Head position for me is neutral looking at a point 30deg up, with my head driving back into the bar (keeps the upper back tight). Now this works for me as my bar position is neither high (think olympic style) or low ( Powerlifters) and my stance quite wide. My hip drive and glute engagement are my weak points so have tried to widen my stance further.

If you have a low bar position and a wide stance your back would be tighter already- the elbows tend to point down more which also helps keep the back tight. (get a barbell and load it a 50% and try it)

Most powerlifters use this technique as some have rightly pointed out it enables them to move more weight (less distance travelled and the hips and glutes take more of the load.)

The squat is in my opinion the most technical lift, and even those that have been doing it for years are still learning things that will help.

I suggest you stip the back to 50% and try new things. You might find that looking down with a low bar position works better for you.

By the way if you a pad ignore everything I've said and ask yourself why your such a pussy


----------



## Dirk McQuickly (Dec 29, 2010)

-dionysus- said:


> This is a complex one and all depending on your technique, body shape flexibility and goals.
> 
> Head position for me is neutral looking at a point 30deg up, with my head driving back into the bar (keeps the upper back tight). Now this works for me as my bar position is neither high (think olympic style) or low ( Powerlifters) and my stance quite wide. My hip drive and glute engagement are my weak points so have tried to widen my stance further.
> 
> ...


excuse me?


----------



## Fatstuff (Mar 2, 2010)

chilli said:


> excuse me?


i read that bit 3 times and still dont get the first half lol


----------



## -dionysus- (May 29, 2011)

LOL.

There are whole books written on the squat and I have to remember that not everyone is obsessed with the squat.

High bar/low bar refers to where you place the bar on your back. Olympic lifters style lifters tend to go high bar, powerlifters low bar. The bar position affects your form, there are so many variables and you should try new things if your squat stalls.

I posted this before It's from a twitter chat a couple of weeks ago with Dave Tate from elitefts - if you want to get strong well worth a visit if you've not done so before.

Dave (CEO elitefts) [email protected]

Squat Mistake #1 - thinking its not technical and simple #Eliteftschat

Dave (CEO elitefts) [email protected]

Squat Mistake #2 - not setting up TIGHT from head to toe. #Eliteftschat

Dave (CEO elitefts) [email protected]

Squat Mistake #3 - not arching the bar out of the rack. #Eliteftschat

Dave (CEO elitefts) [email protected]

Squat Mistake #4 - not starting with a arch and ass back #Eliteftschat

Dave (CEO elitefts) [email protected]

Squat Mistake #5 - pulling air into your chest and not belly #Eliteftschat

Dave (CEO elitefts) [email protected]

Squat Mistake #6 - looking up instead of driving head and traps into the bar #Eliteftschat

Dave (CEO elitefts) [email protected]

Squat Mistake #7 - not spreading the floor and pushing knees out. #Eliteftschat

Dave (CEO elitefts) [email protected]

Squat Mistake #8 - sitting down instead of back #Eliteftschat

Dave (CEO elitefts) [email protected]

Squat Mistake #9 - moving hips first out of the hole.

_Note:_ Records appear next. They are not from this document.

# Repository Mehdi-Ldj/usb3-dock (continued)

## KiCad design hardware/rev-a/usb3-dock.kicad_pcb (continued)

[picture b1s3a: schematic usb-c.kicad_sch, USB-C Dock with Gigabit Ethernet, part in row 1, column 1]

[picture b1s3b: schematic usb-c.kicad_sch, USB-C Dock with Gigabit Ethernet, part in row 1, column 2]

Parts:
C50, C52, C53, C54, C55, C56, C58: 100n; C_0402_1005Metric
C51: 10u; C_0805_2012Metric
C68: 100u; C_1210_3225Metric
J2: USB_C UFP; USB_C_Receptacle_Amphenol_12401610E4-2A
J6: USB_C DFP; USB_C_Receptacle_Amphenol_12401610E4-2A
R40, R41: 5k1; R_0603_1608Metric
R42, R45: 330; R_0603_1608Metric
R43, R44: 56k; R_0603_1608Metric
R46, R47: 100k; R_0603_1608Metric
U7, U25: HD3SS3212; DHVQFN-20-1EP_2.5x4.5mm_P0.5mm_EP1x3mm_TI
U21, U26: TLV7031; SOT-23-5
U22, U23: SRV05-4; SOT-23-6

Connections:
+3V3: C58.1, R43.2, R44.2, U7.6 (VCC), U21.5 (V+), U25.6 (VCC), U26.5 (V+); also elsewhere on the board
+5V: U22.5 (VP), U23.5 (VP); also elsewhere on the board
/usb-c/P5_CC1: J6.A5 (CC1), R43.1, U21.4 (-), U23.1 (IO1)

The head and chest must move back first #Eliteftschat

Dave (CEO elitefts) [email protected]

Squat Mistake #10 - not using compensatory acceleration on the concentric phase. #Eliteftschat

Dave (CEO elitefts) [email protected]

Squat Mistake #11 - looking down when the lift gets hard. When it gets hard drive head into the bar. #Eliteftschat

Dave (CEO elitefts) [email protected]

Squat Mistake #12 - not using a box squat in one form or another. #Eliteftschat

Dave (CEO elitefts) [email protected]

Squat Mistake #13 - not squatting with people stronger than you. #Eliteftschat

Dave (CEO elitefts) [email protected]

Squat Mistake #14 - thinking there is a huge difference between squat training for raw vs geared. #Eliteftschat

Dave (CEO elitefts) [email protected]

Squat Mistake #15 - not having an honest person watching your depth #Eliteftschat

Dave (CEO elitefts) [email protected]

Squat Mistake #16 - slacking on training your core. #Eliteftschat

Dave (CEO elitefts) [email protected]

Squat Mistake #17 - being a pussy that is scared of big weights. #Eliteftschat

Dave (CEO elitefts) [email protected]

Squat Mistake #18 - not rotating bars - this can allow for same volume and intensity with a reduction in workload #Eliteftschat

Dave (CEO elitefts) [email protected]

Squat Mistake #19 - thinking you know it all when you don't know "squat" #Eliteftschat


----------



## rectus (Jan 18, 2012)

ewen said:


> Ripptoe is like a skinny steroid dealer why the fcuk would you listen to him when he looks like sh1t and doesn't lift anything worthy of his good rep that being said he speaks a lot of sense .
> 
> I would take advice from a handful of people and the one person I would listen to over anybody is Fred hatfield , I've had some lengthy chats with the guy and he is someone I look up to .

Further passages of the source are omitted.